**WHAT NEEDS TO BE DONE**
When the line containing "#94=DIRECTION('',(0.,-1.,0.));" appears in the data below, begin copying there and stop only after the line containing "#116=ORIENTED_EDGE('',*,*,#115,.T.);".
★ ★ ★
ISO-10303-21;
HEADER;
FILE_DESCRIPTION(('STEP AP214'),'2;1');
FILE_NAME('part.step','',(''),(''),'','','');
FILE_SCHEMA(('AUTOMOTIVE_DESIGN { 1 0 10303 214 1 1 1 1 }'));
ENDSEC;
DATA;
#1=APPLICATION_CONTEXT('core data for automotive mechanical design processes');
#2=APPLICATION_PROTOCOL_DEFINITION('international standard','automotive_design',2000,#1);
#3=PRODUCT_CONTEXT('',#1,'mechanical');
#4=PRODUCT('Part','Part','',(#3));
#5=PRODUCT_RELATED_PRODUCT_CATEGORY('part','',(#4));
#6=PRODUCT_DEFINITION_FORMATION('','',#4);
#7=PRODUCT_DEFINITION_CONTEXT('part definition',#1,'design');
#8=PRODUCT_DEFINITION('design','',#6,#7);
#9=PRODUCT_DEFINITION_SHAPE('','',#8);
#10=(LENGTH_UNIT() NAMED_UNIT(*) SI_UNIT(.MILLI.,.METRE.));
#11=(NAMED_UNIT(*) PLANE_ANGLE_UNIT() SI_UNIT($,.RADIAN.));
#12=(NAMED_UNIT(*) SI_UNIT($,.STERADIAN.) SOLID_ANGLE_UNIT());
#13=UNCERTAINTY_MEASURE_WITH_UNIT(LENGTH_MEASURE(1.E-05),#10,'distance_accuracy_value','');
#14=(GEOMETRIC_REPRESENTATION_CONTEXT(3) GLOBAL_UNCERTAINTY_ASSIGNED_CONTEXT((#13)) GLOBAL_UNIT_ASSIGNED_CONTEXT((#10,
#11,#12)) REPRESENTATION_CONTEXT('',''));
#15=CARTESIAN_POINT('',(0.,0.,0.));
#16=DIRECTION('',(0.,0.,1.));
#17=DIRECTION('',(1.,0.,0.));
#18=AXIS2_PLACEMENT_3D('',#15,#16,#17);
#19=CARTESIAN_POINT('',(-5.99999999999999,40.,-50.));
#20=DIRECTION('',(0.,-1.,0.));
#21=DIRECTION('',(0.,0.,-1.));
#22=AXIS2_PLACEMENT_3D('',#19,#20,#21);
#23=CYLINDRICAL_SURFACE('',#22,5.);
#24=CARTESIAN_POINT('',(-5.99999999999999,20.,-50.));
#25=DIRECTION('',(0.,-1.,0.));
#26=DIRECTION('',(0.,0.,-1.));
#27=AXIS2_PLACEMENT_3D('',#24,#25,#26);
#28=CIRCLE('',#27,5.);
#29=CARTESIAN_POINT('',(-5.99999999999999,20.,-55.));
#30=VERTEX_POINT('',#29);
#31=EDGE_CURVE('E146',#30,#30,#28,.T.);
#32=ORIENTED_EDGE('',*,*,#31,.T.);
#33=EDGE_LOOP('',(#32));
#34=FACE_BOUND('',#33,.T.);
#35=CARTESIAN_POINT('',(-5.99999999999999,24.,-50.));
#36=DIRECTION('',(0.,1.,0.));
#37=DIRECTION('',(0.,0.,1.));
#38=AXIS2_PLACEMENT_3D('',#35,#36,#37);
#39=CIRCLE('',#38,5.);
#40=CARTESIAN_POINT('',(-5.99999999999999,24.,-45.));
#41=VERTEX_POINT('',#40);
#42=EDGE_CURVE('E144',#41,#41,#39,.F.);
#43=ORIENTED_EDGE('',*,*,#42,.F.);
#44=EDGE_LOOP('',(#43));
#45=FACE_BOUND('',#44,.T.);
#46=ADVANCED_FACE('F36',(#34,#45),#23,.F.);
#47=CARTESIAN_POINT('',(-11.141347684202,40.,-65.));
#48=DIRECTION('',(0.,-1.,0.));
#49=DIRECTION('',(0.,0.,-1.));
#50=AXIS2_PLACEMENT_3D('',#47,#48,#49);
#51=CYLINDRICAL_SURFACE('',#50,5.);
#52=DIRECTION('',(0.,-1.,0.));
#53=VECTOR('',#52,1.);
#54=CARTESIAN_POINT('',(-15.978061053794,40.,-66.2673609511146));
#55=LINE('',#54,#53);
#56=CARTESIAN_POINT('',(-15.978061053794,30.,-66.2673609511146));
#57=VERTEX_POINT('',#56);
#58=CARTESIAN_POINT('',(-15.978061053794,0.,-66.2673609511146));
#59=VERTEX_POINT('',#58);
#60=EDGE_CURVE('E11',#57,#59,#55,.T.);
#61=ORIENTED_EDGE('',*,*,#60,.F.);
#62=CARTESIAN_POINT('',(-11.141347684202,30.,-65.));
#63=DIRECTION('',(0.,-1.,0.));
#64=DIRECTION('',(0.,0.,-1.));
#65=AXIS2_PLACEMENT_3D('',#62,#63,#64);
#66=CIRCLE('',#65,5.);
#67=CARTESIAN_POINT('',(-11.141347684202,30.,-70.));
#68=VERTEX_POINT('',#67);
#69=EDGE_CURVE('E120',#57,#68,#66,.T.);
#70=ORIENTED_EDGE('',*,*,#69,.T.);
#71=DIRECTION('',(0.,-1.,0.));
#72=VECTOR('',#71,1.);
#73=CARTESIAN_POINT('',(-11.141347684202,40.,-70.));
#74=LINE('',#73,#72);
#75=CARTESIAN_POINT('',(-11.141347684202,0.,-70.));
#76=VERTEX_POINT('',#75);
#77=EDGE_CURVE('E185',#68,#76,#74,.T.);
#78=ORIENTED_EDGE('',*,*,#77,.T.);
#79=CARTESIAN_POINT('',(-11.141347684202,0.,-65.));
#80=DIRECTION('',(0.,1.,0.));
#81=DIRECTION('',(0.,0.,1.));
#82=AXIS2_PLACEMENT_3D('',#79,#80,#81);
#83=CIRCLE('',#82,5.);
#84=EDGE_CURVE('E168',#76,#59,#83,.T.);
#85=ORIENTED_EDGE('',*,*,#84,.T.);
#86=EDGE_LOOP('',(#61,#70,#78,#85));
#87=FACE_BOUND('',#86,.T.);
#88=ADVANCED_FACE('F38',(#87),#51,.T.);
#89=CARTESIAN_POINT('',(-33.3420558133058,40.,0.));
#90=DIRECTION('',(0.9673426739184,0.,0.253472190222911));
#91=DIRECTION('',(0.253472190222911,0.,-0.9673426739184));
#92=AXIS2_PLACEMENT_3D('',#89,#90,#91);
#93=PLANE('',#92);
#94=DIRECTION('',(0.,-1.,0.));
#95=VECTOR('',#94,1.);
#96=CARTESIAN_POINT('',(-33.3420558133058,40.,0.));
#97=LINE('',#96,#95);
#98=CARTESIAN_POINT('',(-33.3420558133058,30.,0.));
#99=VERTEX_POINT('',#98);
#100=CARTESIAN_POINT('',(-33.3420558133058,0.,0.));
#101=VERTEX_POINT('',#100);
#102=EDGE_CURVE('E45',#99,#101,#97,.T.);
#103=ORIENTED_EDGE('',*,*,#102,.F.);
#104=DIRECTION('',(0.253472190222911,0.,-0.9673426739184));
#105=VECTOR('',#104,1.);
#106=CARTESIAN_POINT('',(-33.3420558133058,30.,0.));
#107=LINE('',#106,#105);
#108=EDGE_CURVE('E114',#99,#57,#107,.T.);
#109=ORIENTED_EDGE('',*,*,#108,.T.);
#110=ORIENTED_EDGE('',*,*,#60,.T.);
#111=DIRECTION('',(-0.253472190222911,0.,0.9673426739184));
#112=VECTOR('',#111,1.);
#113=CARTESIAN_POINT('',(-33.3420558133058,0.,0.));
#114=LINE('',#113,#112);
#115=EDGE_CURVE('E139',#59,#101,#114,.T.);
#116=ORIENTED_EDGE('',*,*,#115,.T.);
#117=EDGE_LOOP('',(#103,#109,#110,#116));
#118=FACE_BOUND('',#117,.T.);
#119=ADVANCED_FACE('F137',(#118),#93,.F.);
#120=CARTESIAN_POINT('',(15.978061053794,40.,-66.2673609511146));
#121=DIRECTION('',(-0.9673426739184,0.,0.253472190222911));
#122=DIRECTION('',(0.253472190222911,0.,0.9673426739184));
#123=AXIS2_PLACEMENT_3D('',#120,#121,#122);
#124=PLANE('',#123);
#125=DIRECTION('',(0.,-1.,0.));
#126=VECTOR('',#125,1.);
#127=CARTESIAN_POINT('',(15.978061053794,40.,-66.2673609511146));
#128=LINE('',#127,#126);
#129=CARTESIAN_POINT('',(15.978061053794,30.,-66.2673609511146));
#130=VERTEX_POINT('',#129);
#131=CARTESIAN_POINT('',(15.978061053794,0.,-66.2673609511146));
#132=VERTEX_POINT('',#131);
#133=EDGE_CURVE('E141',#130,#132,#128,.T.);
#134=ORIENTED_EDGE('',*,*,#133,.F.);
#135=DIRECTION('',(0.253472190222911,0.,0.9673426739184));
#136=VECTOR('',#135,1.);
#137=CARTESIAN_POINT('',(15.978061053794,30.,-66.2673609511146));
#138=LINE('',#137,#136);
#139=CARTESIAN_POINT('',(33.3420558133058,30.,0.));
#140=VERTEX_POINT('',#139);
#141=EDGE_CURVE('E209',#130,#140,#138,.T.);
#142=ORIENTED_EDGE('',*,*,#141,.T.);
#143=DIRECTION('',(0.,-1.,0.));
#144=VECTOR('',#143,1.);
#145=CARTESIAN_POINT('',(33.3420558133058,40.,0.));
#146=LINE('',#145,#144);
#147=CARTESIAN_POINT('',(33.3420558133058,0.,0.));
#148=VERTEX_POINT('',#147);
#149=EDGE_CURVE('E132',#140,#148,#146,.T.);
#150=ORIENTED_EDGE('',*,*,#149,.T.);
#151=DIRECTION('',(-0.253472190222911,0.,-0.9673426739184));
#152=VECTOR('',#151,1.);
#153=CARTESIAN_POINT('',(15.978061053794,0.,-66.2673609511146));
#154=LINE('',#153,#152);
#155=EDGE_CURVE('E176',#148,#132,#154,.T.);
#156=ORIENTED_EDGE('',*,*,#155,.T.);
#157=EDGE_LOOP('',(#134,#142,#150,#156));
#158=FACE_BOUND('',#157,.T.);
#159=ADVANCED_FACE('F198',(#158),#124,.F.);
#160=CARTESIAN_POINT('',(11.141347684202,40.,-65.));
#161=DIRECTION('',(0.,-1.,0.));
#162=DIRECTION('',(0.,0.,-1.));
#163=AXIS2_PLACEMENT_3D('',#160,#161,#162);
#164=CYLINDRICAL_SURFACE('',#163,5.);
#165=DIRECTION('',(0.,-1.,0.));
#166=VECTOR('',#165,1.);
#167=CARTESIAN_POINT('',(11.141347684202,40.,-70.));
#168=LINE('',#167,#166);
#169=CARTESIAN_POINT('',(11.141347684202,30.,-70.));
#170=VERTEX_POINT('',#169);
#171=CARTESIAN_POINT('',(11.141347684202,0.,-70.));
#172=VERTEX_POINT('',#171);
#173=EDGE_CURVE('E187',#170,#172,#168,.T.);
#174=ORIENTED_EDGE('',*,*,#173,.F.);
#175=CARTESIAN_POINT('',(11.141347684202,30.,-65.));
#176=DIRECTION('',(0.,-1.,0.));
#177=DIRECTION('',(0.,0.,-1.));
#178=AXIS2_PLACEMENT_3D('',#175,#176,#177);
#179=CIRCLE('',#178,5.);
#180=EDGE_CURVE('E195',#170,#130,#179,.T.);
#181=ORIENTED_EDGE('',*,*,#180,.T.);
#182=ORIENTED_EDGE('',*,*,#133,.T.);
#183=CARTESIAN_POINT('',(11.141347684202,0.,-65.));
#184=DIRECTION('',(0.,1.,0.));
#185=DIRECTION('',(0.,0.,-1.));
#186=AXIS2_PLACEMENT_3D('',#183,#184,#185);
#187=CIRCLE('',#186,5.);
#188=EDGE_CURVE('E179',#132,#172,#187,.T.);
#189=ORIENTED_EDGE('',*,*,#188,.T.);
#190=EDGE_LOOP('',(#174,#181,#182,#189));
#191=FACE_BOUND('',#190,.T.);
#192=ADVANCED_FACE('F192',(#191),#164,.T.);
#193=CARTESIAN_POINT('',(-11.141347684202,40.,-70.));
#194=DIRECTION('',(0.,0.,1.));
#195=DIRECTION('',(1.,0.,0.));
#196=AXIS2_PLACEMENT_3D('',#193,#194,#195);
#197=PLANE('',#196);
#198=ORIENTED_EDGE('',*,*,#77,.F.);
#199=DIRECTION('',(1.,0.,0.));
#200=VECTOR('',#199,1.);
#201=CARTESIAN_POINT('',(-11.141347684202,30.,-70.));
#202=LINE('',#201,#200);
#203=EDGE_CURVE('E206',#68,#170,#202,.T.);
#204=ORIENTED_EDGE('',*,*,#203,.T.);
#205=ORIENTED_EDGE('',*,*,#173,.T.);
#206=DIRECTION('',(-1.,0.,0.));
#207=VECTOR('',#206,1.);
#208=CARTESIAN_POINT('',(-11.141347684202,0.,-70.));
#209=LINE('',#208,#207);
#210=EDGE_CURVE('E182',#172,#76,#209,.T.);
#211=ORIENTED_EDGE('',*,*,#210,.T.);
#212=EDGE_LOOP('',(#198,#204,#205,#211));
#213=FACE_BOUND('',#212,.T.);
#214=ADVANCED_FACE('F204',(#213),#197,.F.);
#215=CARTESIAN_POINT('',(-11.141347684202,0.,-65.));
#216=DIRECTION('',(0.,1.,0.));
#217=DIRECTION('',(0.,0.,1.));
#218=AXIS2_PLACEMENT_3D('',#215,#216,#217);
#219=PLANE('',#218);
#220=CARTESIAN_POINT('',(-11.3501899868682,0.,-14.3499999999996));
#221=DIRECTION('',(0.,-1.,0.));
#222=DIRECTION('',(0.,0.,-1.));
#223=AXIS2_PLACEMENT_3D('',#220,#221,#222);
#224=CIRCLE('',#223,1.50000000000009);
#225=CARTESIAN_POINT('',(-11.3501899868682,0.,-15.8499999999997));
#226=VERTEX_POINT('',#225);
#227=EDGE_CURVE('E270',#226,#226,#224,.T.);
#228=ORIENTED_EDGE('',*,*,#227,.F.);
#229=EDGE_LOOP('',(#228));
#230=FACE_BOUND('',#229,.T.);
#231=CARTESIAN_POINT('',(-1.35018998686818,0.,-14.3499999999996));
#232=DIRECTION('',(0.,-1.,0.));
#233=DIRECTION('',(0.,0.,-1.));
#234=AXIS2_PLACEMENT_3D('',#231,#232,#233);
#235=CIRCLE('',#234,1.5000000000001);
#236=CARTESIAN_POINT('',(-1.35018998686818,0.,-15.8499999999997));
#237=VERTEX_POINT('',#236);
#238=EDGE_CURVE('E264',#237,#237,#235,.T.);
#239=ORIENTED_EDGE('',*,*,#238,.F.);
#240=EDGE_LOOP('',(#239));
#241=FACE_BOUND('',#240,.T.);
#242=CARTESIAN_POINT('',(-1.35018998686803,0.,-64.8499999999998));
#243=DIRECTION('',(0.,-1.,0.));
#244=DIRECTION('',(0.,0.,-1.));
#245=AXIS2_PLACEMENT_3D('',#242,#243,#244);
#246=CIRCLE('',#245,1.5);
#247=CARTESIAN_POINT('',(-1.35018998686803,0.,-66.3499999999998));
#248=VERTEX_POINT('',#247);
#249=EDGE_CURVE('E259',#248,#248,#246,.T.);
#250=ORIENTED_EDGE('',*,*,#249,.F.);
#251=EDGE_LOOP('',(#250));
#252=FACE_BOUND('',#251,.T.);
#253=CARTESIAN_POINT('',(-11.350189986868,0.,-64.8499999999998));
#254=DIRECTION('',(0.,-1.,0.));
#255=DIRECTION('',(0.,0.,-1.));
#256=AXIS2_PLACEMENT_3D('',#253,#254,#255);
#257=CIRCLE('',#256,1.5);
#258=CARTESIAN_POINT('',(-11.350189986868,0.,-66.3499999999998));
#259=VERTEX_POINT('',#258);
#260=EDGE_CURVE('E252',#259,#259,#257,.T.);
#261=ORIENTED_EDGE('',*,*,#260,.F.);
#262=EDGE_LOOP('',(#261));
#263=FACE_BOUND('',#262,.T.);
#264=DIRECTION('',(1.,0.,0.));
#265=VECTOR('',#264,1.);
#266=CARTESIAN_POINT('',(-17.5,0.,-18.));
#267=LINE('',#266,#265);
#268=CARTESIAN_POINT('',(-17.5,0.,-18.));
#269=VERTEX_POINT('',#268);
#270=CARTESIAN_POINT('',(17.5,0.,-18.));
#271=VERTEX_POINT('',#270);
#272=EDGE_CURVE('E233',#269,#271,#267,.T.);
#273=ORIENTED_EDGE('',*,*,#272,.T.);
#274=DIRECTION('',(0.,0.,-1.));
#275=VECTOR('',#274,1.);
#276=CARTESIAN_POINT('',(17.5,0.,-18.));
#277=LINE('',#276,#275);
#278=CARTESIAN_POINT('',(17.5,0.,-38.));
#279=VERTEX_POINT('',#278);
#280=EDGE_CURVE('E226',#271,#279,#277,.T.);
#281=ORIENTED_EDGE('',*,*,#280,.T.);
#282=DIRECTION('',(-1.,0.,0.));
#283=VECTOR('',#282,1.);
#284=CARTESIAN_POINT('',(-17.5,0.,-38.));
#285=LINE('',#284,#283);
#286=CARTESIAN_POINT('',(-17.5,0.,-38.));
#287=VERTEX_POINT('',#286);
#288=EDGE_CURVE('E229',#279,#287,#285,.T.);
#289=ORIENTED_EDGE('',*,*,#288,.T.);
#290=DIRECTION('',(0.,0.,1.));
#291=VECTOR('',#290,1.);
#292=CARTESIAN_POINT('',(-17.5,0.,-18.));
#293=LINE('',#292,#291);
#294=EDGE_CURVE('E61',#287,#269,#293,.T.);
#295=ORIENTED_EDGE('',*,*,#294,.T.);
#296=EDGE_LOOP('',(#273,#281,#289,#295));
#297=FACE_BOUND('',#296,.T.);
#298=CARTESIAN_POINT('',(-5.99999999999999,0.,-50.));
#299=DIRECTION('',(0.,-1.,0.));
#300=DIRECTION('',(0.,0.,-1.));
★ ★ ★
**YOUR RESPONSE**
#94=DIRECTION('',(0.,-1.,0.));
#95=VECTOR('',#94,1.);
#96=CARTESIAN_POINT('',(-33.3420558133058,40.,0.));
#97=LINE('',#96,#95);
#98=CARTESIAN_POINT('',(-33.3420558133058,30.,0.));
#99=VERTEX_POINT('',#98);
#100=CARTESIAN_POINT('',(-33.3420558133058,0.,0.));
#101=VERTEX_POINT('',#100);
#102=EDGE_CURVE('E45',#99,#101,#97,.T.);
#103=ORIENTED_EDGE('',*,*,#102,.F.);
#104=DIRECTION('',(0.253472190222911,0.,-0.9673426739184));
#105=VECTOR('',#104,1.);
#106=CARTESIAN_POINT('',(-33.3420558133058,30.,0.));
#107=LINE('',#106,#105);
#108=EDGE_CURVE('E114',#99,#57,#107,.T.);
#109=ORIENTED_EDGE('',*,*,#108,.T.);
#110=ORIENTED_EDGE('',*,*,#60,.T.);
#111=DIRECTION('',(-0.253472190222911,0.,0.9673426739184));
#112=VECTOR('',#111,1.);
#113=CARTESIAN_POINT('',(-33.3420558133058,0.,0.));
#114=LINE('',#113,#112);
#115=EDGE_CURVE('E139',#59,#101,#114,.T.);
#116=ORIENTED_EDGE('',*,*,#115,.T.);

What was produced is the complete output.